Ernesto Laclau, 1935-2014

A leading Argentine political theorist and advocate of “radical democracy”, long based at the University of Essex, has died

May 1, 2014

Ernesto Laclau was born on 6 October 1935 and studied history at the University of Buenos Aires, graduating in 1964. His initial political experiences, he once told an interviewer, were “in the student movements and in the political struggles of the 1960s in Argentina. At that moment, these were the years immediately after the Cuban Revolution, when there was a radicalisation of the student movement all over Latin America, and I was very active in it. I was a student representative to the Central Council of the University of Buenos Aires [and later] part of the leadership of the Socialist Party of the National Left, which was very active in Argentina in the 1960s.”

Witnessing the impact of the Perónist movement in Argentina led Professor Laclau to a fascination with populism. He wrote a celebrated essay on the subject in the 1970s and then a full-length book, On Populist Reason (2005), looking at the rise of leftist politicians such as Hugo Chávez across much of Latin America.

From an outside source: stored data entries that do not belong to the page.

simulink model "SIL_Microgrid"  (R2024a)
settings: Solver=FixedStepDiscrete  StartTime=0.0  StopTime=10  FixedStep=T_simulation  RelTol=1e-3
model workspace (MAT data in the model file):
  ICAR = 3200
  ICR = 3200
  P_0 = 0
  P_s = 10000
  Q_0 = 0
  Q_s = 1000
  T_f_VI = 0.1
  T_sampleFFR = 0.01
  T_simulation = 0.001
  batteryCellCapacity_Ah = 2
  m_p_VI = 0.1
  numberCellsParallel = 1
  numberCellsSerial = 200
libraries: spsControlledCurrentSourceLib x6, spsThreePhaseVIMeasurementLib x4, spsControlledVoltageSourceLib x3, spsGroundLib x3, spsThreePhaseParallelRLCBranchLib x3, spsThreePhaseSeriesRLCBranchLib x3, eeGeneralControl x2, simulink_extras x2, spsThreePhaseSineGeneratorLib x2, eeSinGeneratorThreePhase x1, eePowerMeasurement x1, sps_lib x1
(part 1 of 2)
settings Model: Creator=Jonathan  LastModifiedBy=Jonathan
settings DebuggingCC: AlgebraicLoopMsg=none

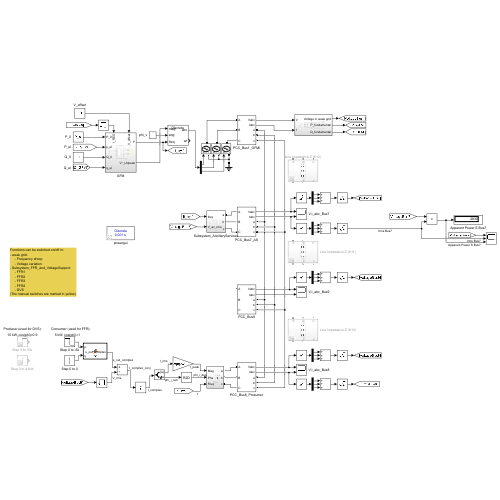
[thumbnail: Simulink's stored preview of the top-level diagram]
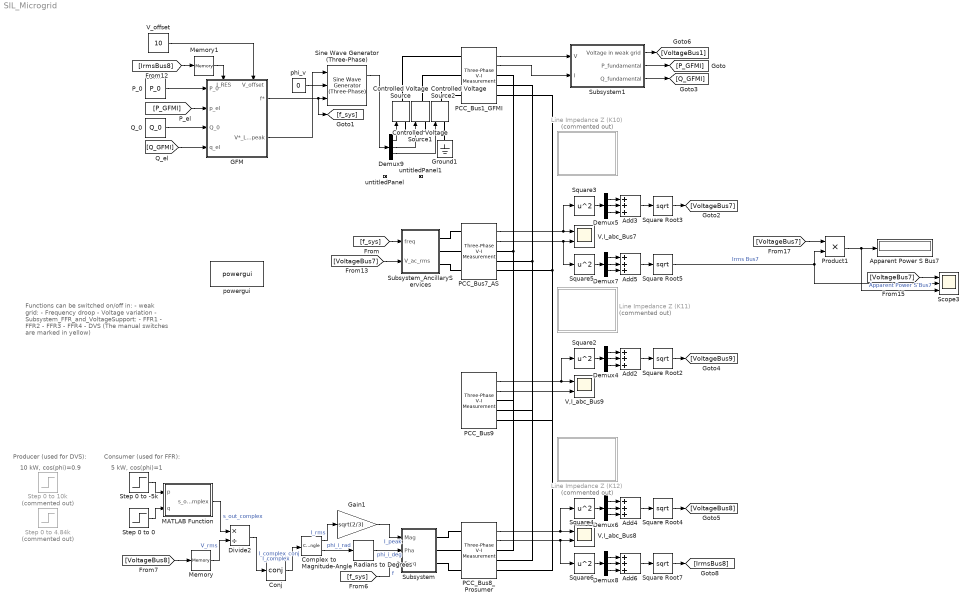
== system SIL_Microgrid ==
  note: Producer (used for DVS):
  note: 5 kW, cos(phi)=1
  note: Functions can be switched on/off in:
      | - weak grid:
      |      - Frequency droop
      |      - Voltage variation
      | - Subsystem_FFR_and_VoltageSupport:
      |      - FFR1
      |      - FFR2
      |      - FFR3
      |      - FFR4
      |      - DVS
      | (The manual switches are marked in yellow)
  note: 10 kW, cos(phi)=0.9
  note: Consumer (used for FFR):
  Add{2..6} (5 alike) : Sum  Inputs=+++
  Apparent Power S Bus7 : Display
  Complex to Magnitude-Angle : ComplexToMagnitudeAngle
  Conj : Math  Operator=conj
  Controlled Voltage Source : spsControlledVoltageSourceLib/Controlled Voltage Source  Initialize=on  Source_Type=AC  Amplitude=326.6  Phase=0  Frequency=50  Measurements=None
  Controlled Voltage Source1 : spsControlledVoltageSourceLib/Controlled Voltage Source  Initialize=on  Source_Type=AC  Amplitude=326.6  Phase=-120  Frequency=50  Measurements=None
  Controlled Voltage Source2 : spsControlledVoltageSourceLib/Controlled Voltage Source  Initialize=on  Source_Type=AC  Amplitude=326.6  Phase=120  Frequency=50  Measurements=None
  Demux{4..9} (6 alike) : Demux  Outputs=3
  Divide2 : Product  Inputs=*/
  GFM : Subsystem
      settings: PortSchema="{\"entries\":[{\"content\":{\"sides\":[{\"content\":{\"connectorIds\":[\"In1\",\"In2\",\"In3\",\"In4\"]},\"type\":\"ConnectorPlacement.EquallySpacedRectSide\",\"uuid\":\"70744577-9cbd-485e-8d22-2cdc6614abc5\"},{\"content\":{\"connectorIds\":[\"Out1\",\"Out2\"],\"side\":\"RIGHT\"},\"type\":\"ConnectorPlacement.EquallySpacedRectSide\",\"uuid\":\"2f581cd8-3e99-41c2-bd25-93a3cdbcfefe\"},{\"content\":{\"connectorIds\":[\"In5\",\"In6\"],\"side\":\"TOP\"},\"type\":\"ConnectorPlacement.EquallySpacedRectSide\",\"uuid\":\"2438c3ee-2e6d-4bc7-8ab2-fb42a3d6bd8d\"}]},\"type\":\"ConnectorPlacement.EquallySpacedConnector\",\"uuid\":\"f616edec-0a6a-4344-b22a-63fd0f376dec\"}],\"packageUris\":[\"http://schema.mathworks.com/mf0/Connector/R2020b\"],\"version\":\"1.0\"}"
  Gain1 : Gain  Gain=sqrt(2/3)
  Ground1 : spsGroundLib/Ground  LConnTagsString=a
  Line Impedance Z (K10) : Subsystem  Commented=on
      settings: PortSchema="{\"entries\":[{\"content\":{\"sides\":[{\"content\":{},\"type\":\"ConnectorPlacement.EquallySpacedRectSide\",\"uuid\":\"967be372-6ccd-4927-ad63-8f64c52d0a23\"},{\"content\":{\"side\":\"RIGHT\"},\"type\":\"ConnectorPlacement.EquallySpacedRectSide\",\"uuid\":\"6c6d6daf-7e7b-4653-bd63-75b84b3ffee7\"},{\"content\":{\"connectorIds\":[\"LConn1\",\"LConn2\",\"LConn3\"],\"side\":\"TOP\"},\"type\":\"ConnectorPlacement.EquallySpacedRectSide\",\"uuid\":\"f177627f-2459-471a-b373-8b10aeb44ac5\"},{\"content\":{\"connectorIds\":[\"RConn1\",\"RConn2\",\"RConn3\"],\"side\":\"BOTTOM\"},\"type\":\"ConnectorPlacement.EquallySpacedRectSide\",\"uuid\":\"e0b4a5a7-f3ab-42c0-b577-2901c408a3bd\"}]},\"type\":\"ConnectorPlacement.EquallySpacedConnector\",\"uuid\":\"27af90a7-8748-4802-82c9-fad952d81430\"}],\"packageUris\":[\"http://schema.mathworks.com/mf0/Connector/R2020b\"],\"version\":\"1.0\"}"
  Line Impedance Z (K11) : Subsystem  Commented=on
      settings: PortSchema="{\"entries\":[{\"content\":{\"sides\":[{\"content\":{},\"type\":\"ConnectorPlacement.EquallySpacedRectSide\",\"uuid\":\"967be372-6ccd-4927-ad63-8f64c52d0a23\"},{\"content\":{\"side\":\"RIGHT\"},\"type\":\"ConnectorPlacement.EquallySpacedRectSide\",\"uuid\":\"6c6d6daf-7e7b-4653-bd63-75b84b3ffee7\"},{\"content\":{\"connectorIds\":[\"LConn1\",\"LConn2\",\"LConn3\"],\"side\":\"TOP\"},\"type\":\"ConnectorPlacement.EquallySpacedRectSide\",\"uuid\":\"f177627f-2459-471a-b373-8b10aeb44ac5\"},{\"content\":{\"connectorIds\":[\"RConn1\",\"RConn2\",\"RConn3\"],\"side\":\"BOTTOM\"},\"type\":\"ConnectorPlacement.EquallySpacedRectSide\",\"uuid\":\"e0b4a5a7-f3ab-42c0-b577-2901c408a3bd\"}]},\"type\":\"ConnectorPlacement.EquallySpacedConnector\",\"uuid\":\"27af90a7-8748-4802-82c9-fad952d81430\"}],\"packageUris\":[\"http://schema.mathworks.com/mf0/Connector/R2020b\"],\"version\":\"1.0\"}"
  Line Impedance Z (K12) : Subsystem  Commented=on
      settings: PortSchema="{\"entries\":[{\"content\":{\"sides\":[{\"content\":{},\"type\":\"ConnectorPlacement.EquallySpacedRectSide\",\"uuid\":\"967be372-6ccd-4927-ad63-8f64c52d0a23\"},{\"content\":{\"side\":\"RIGHT\"},\"type\":\"ConnectorPlacement.EquallySpacedRectSide\",\"uuid\":\"6c6d6daf-7e7b-4653-bd63-75b84b3ffee7\"},{\"content\":{\"connectorIds\":[\"LConn1\",\"LConn2\",\"LConn3\"],\"side\":\"TOP\"},\"type\":\"ConnectorPlacement.EquallySpacedRectSide\",\"uuid\":\"f177627f-2459-471a-b373-8b10aeb44ac5\"},{\"content\":{\"connectorIds\":[\"RConn1\",\"RConn2\",\"RConn3\"],\"side\":\"BOTTOM\"},\"type\":\"ConnectorPlacement.EquallySpacedRectSide\",\"uuid\":\"e0b4a5a7-f3ab-42c0-b577-2901c408a3bd\"}]},\"type\":\"ConnectorPlacement.EquallySpacedConnector\",\"uuid\":\"27af90a7-8748-4802-82c9-fad952d81430\"}],\"packageUris\":[\"http://schema.mathworks.com/mf0/Connector/R2020b\"],\"version\":\"1.0\"}"
  MATLAB Function : MATLAB Function  TreatAsAtomicUnit=on
  Memory : Memory  InitialCondition=400
  Memory1 : Memory
  PCC_Bus1_GFMI : spsThreePhaseVIMeasurementLib/Three-Phase V-I Measurement  VoltageMeasurement=phase-to-ground  SetLabelV=off  LabelV=Vabc  Vpu=off  VpuLL=off  CurrentMeasurement=yes  SetLabelI=off  LabelI=Iabc  Ipu=off  Pbase=100e6  Vbase=500e3  OutputType=Complex  PhasorSimulation=off  PSBequivalent=0
  PCC_Bus7_AS : spsThreePhaseVIMeasurementLib/Three-Phase V-I Measurement  VoltageMeasurement=phase-to-ground  SetLabelV=off  LabelV=Vabc  Vpu=off  VpuLL=off  CurrentMeasurement=yes  SetLabelI=off  LabelI=Iabc  Ipu=off  Pbase=100e6  Vbase=500e3  OutputType=Complex  PhasorSimulation=off  PSBequivalent=0
  PCC_Bus8_Prosumer : spsThreePhaseVIMeasurementLib/Three-Phase V-I Measurement  VoltageMeasurement=phase-to-ground  SetLabelV=off  LabelV=Vabc  Vpu=off  VpuLL=off  CurrentMeasurement=yes  SetLabelI=off  LabelI=Iabc  Ipu=off  Pbase=100e6  Vbase=500e3  OutputType=Complex  PhasorSimulation=off  PSBequivalent=0
  PCC_Bus9 : spsThreePhaseVIMeasurementLib/Three-Phase V-I Measurement  VoltageMeasurement=phase-to-ground  SetLabelV=off  LabelV=Vabc  Vpu=off  VpuLL=off  CurrentMeasurement=yes  SetLabelI=off  LabelI=Iabc  Ipu=off  Pbase=100e6  Vbase=500e3  OutputType=Complex  PhasorSimulation=off  PSBequivalent=0
  P_0 : Constant  Value=P_0
  Product1 : Product
  Q_0 : Constant  Value=Q_0
  Radians to Degrees : simulink_extras/Transformations/Radians to Degrees
  Scope3 : Scope  NumInputPorts=3
  Sine Wave Generator (Three-Phase) : eeSinGeneratorThreePhase/Sine Wave Generator (Three-Phase)  Ts=-1
      settings: LibrarySourceBlock=|
      | ee_sl_lib/General Control/Sine Wave Generator
      | (Three-Phase)
  Square Root{2..5,7} (5 alike) : Sqrt  OutputSignalType=real
  Square{2..6} (5 alike) : Math  Operator=square  OutputSignalType=real
  Step 0 to -5k : Step  Time=0.5  Before=P_0  After=-5e3  SampleTime=0
  Step 0 to 0 : Step  Time=0.5  After=0  SampleTime=0
  Step 0 to 10k : Step  Commented=on  Time=0.5  After=10e3  SampleTime=0
  Step 0 to 4.84k : Step  Commented=on  Time=0.5  After=4.84e3  SampleTime=0
  Subsystem : Subsystem
  Subsystem1 : Subsystem
  Subsystem_AncillaryServices : Subsystem
  V,I_abc_Bus7 : Scope  NumInputPorts=2
  V,I_abc_Bus8 : Scope  NumInputPorts=2
  V,I_abc_Bus9 : Scope  NumInputPorts=2
  V_offset : Constant  Value=10
  phi_v : Constant  Value=0
  powergui : sps_lib/powergui  Priority=1  SimulationMode=Discrete  SampleTime=T_simulation  frequency=50  Iterations=50  frequencyindice=50  Pbase=100e6  ErrMax=1e-4  UnitsV=kV  UnitsW=MW  buscounter=0  FunctionMessages=off  echomessages=off  EnableUseOfTLC=off  CurrentSourceSwitches=off  DisableSnubberDevices=off  DisableRonSwitches=off  DisableVfSwitches=off  DisplayEquations=off  AutomaticDiscreteSolvers=off  SolverType=Tustin/Backward Euler (TBE)  Interpol=off  ExternalGateDelay=off  methode=off  Ts=100  x0status=blocks  SPID=on  SwTol=0  HookPort=off  NonlinearTolerance=1e-4  nMaxIteration=100  ContinueOnMaxIteration=off  RestoreLinks=warning  ResistiveCurrentMeasurement=off  Frange=[0:2:500]  Ylog=off  Xlog=on  ShowGrid=off  save=off  variable=ZData  structure=0  ZoomFFT=off  StartTime=0.0  cycles=1  DisplayStyle=1  fundamental=60  FreqAxis=off  MaxFrequency=1000  frequencyindicesteady=1  RmsSteady=1  display=off
  untitledPanel : Subsystem  Tag=HiddenForWebPanel  IsWebBlockPanel=on
  untitledPanel1 : Subsystem  Tag=HiddenForWebPanel  IsWebBlockPanel=on
  wires:
  PCC_Bus9/1 -> V,I_abc_Bus9/1, Square2/1
  PCC_Bus9/2 -> V,I_abc_Bus9/2
  P_0/1 -> GFM/1(P_0)
  [P_GFMI] -> GFM/2(p_el)
  [Q_GFMI] -> GFM/4(q_el)
  PCC_Bus7_AS/1 -> Square3/1, V,I_abc_Bus7/1
  Square Root2/1 -> [VoltageBus9]
  Demux4/2 -> Add2/2
  Square2/1 -> Demux4/1
  Demux4/1 -> Add2/1
  Add2/1 -> Square Root2/1
  Demux4/3 -> Add2/3
  Square3/1 -> Demux5/1
  Demux5/2 -> Add3/2
  Add3/1 -> Square Root3/1
  Demux5/1 -> Add3/1
  Demux5/3 -> Add3/3
  Square Root4/1 -> [VoltageBus8]
  Demux6/1 -> Add4/1
  Demux6/2 -> Add4/2
  Demux6/3 -> Add4/3
  Square4/1 -> Demux6/1
  Add4/1 -> Square Root4/1
  PCC_Bus8_Prosumer/1 -> V,I_abc_Bus8/1, Square4/1
  [f_sys] -> Subsystem/3(Freq)  "f"
  Gain1/1 -> Subsystem/1(Mag)  "I_peak"
  Add5/1 -> Square Root5/1
  Square Root3/1 -> [VoltageBus7]
  Demux7/3 -> Add5/3
  Demux7/1 -> Add5/1
  Square5/1 -> Demux7/1
  Demux7/2 -> Add5/2
  PCC_Bus7_AS/2 -> Square5/1, V,I_abc_Bus7/2
  Product1/1 -> Scope3/3, Apparent Power S Bus7/1  "Apparent Power S Bus7"
  Square Root5/1 -> Product1/2, Scope3/2  "Irms Bus7"
  [f_sys] -> Subsystem_AncillaryServices/1(freq)
  Q_0/1 -> GFM/3(Q_0)
  V_offset/1 -> GFM/6(V_offset)
  Divide2/1 -> Conj/1  "I_complex_conj"
  Radians to Degrees/1 -> Subsystem/2(Pha)  "phi_i_deg"
  MATLAB Function/1(s_out_complex) -> Divide2/1  "s_out_complex"
  Complex to Magnitude-Angle/1 -> Gain1/1  "I_rms"
  [VoltageBus8] -> Memory/1
  Complex to Magnitude-Angle/2 -> Radians to Degrees/1  "phi_i_rad"
  Conj/1 -> Complex to Magnitude-Angle/1  "I_complex"
  Step 0 to -5k/1 -> MATLAB Function/1(p)
  Step 0 to 0/1 -> MATLAB Function/2(q)
  Memory/1 -> Divide2/2  "V_rms"
  Demux8/3 -> Add6/3
  Square6/1 -> Demux8/1
  Add6/1 -> Square Root7/1
  Demux8/2 -> Add6/2
  Demux8/1 -> Add6/1
  Square Root7/1 -> [IrmsBus8]
  [IrmsBus8] -> Memory1/1
  PCC_Bus8_Prosumer/2 -> V,I_abc_Bus8/2, Square6/1
  [VoltageBus7] -> Subsystem_AncillaryServices/2(V_ac_rms)
  Demux9/1 -> Controlled Voltage Source/1
  Sine Wave Generator (Three-Phase)/1 -> Demux9/1
  Demux9/2 -> Controlled Voltage Source1/1
  Demux9/3 -> Controlled Voltage Source2/1
  phi_v/1 -> Sine Wave Generator (Three-Phase)/2
  GFM/1(f*) -> [f_sys], Sine Wave Generator (Three-Phase)/3
  GFM/2(V*_LNpeak) -> Sine Wave Generator (Three-Phase)/1
  Memory1/1 -> GFM/5(I_RES)
  Subsystem1/2(P_fundamental) -> [P_GFMI]
  PCC_Bus1_GFMI/1 -> Subsystem1/1(V)
  PCC_Bus1_GFMI/2 -> Subsystem1/2(I)
  Subsystem1/1(Voltage in weak grid) -> [VoltageBus1]
  Subsystem1/3(Q_fundamental) -> [Q_GFMI]
  [VoltageBus7] -> Product1/1
  [VoltageBus7] -> Scope3/1
  connections:
  PCC_Bus8_Prosumer/RConn2 -- PCC_Bus9/RConn2 -- PCC_Bus1_GFMI/RConn2 -- PCC_Bus7_AS/RConn2
  PCC_Bus8_Prosumer/RConn1 -- PCC_Bus9/RConn1 -- PCC_Bus1_GFMI/RConn1 -- PCC_Bus7_AS/RConn1
  PCC_Bus8_Prosumer/RConn3 -- PCC_Bus9/RConn3 -- PCC_Bus1_GFMI/RConn3 -- PCC_Bus7_AS/RConn3
  Subsystem_AncillaryServices/RConn2 -- PCC_Bus7_AS/LConn2
  Subsystem_AncillaryServices/RConn1 -- PCC_Bus7_AS/LConn1
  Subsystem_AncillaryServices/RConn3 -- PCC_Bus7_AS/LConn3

Both the current president of Argentina, Cristina Fernández de Kirchner, and her late husband and predecessor Néstor Kirchner, are said to have been great admirers of his work.

After a series of academic positions in Argentina, Professor Laclau was helped by Eric Hobsbawm to secure a scholarship from St Antony’s College, Oxford, for graduate research on economic and social history (1969-72). He then moved to the University of Essex, latterly as professor of political theory (until he became emeritus in 2008), and became the founding director of the Centre for Theoretical Studies in the Humanities and the Social Sciences (1990-97). He also took on a number of visiting appointments at institutions including Northwestern University.

In 1985, Professor Laclau and his Belgian wife Chantal Mouffe published the highly acclaimed and influential Hegemony and Socialist Strategy: Towards a Radical Democratic Politics, where they argued for an engagement with mainstream electoral politics which drew in the mass of the electorate and was dedicated to real improvements in living standards. In Contingency, Hegemony, Universality: Contemporary Dialogues on the Left (2008), he shared a platform with Judith Butler and Slavoj Žižek. His latest book, The Rhetorical Foundations of Society, is due to come out later this month.

Professor Laclau died of a heart attack while at a conference in Seville on 13 April.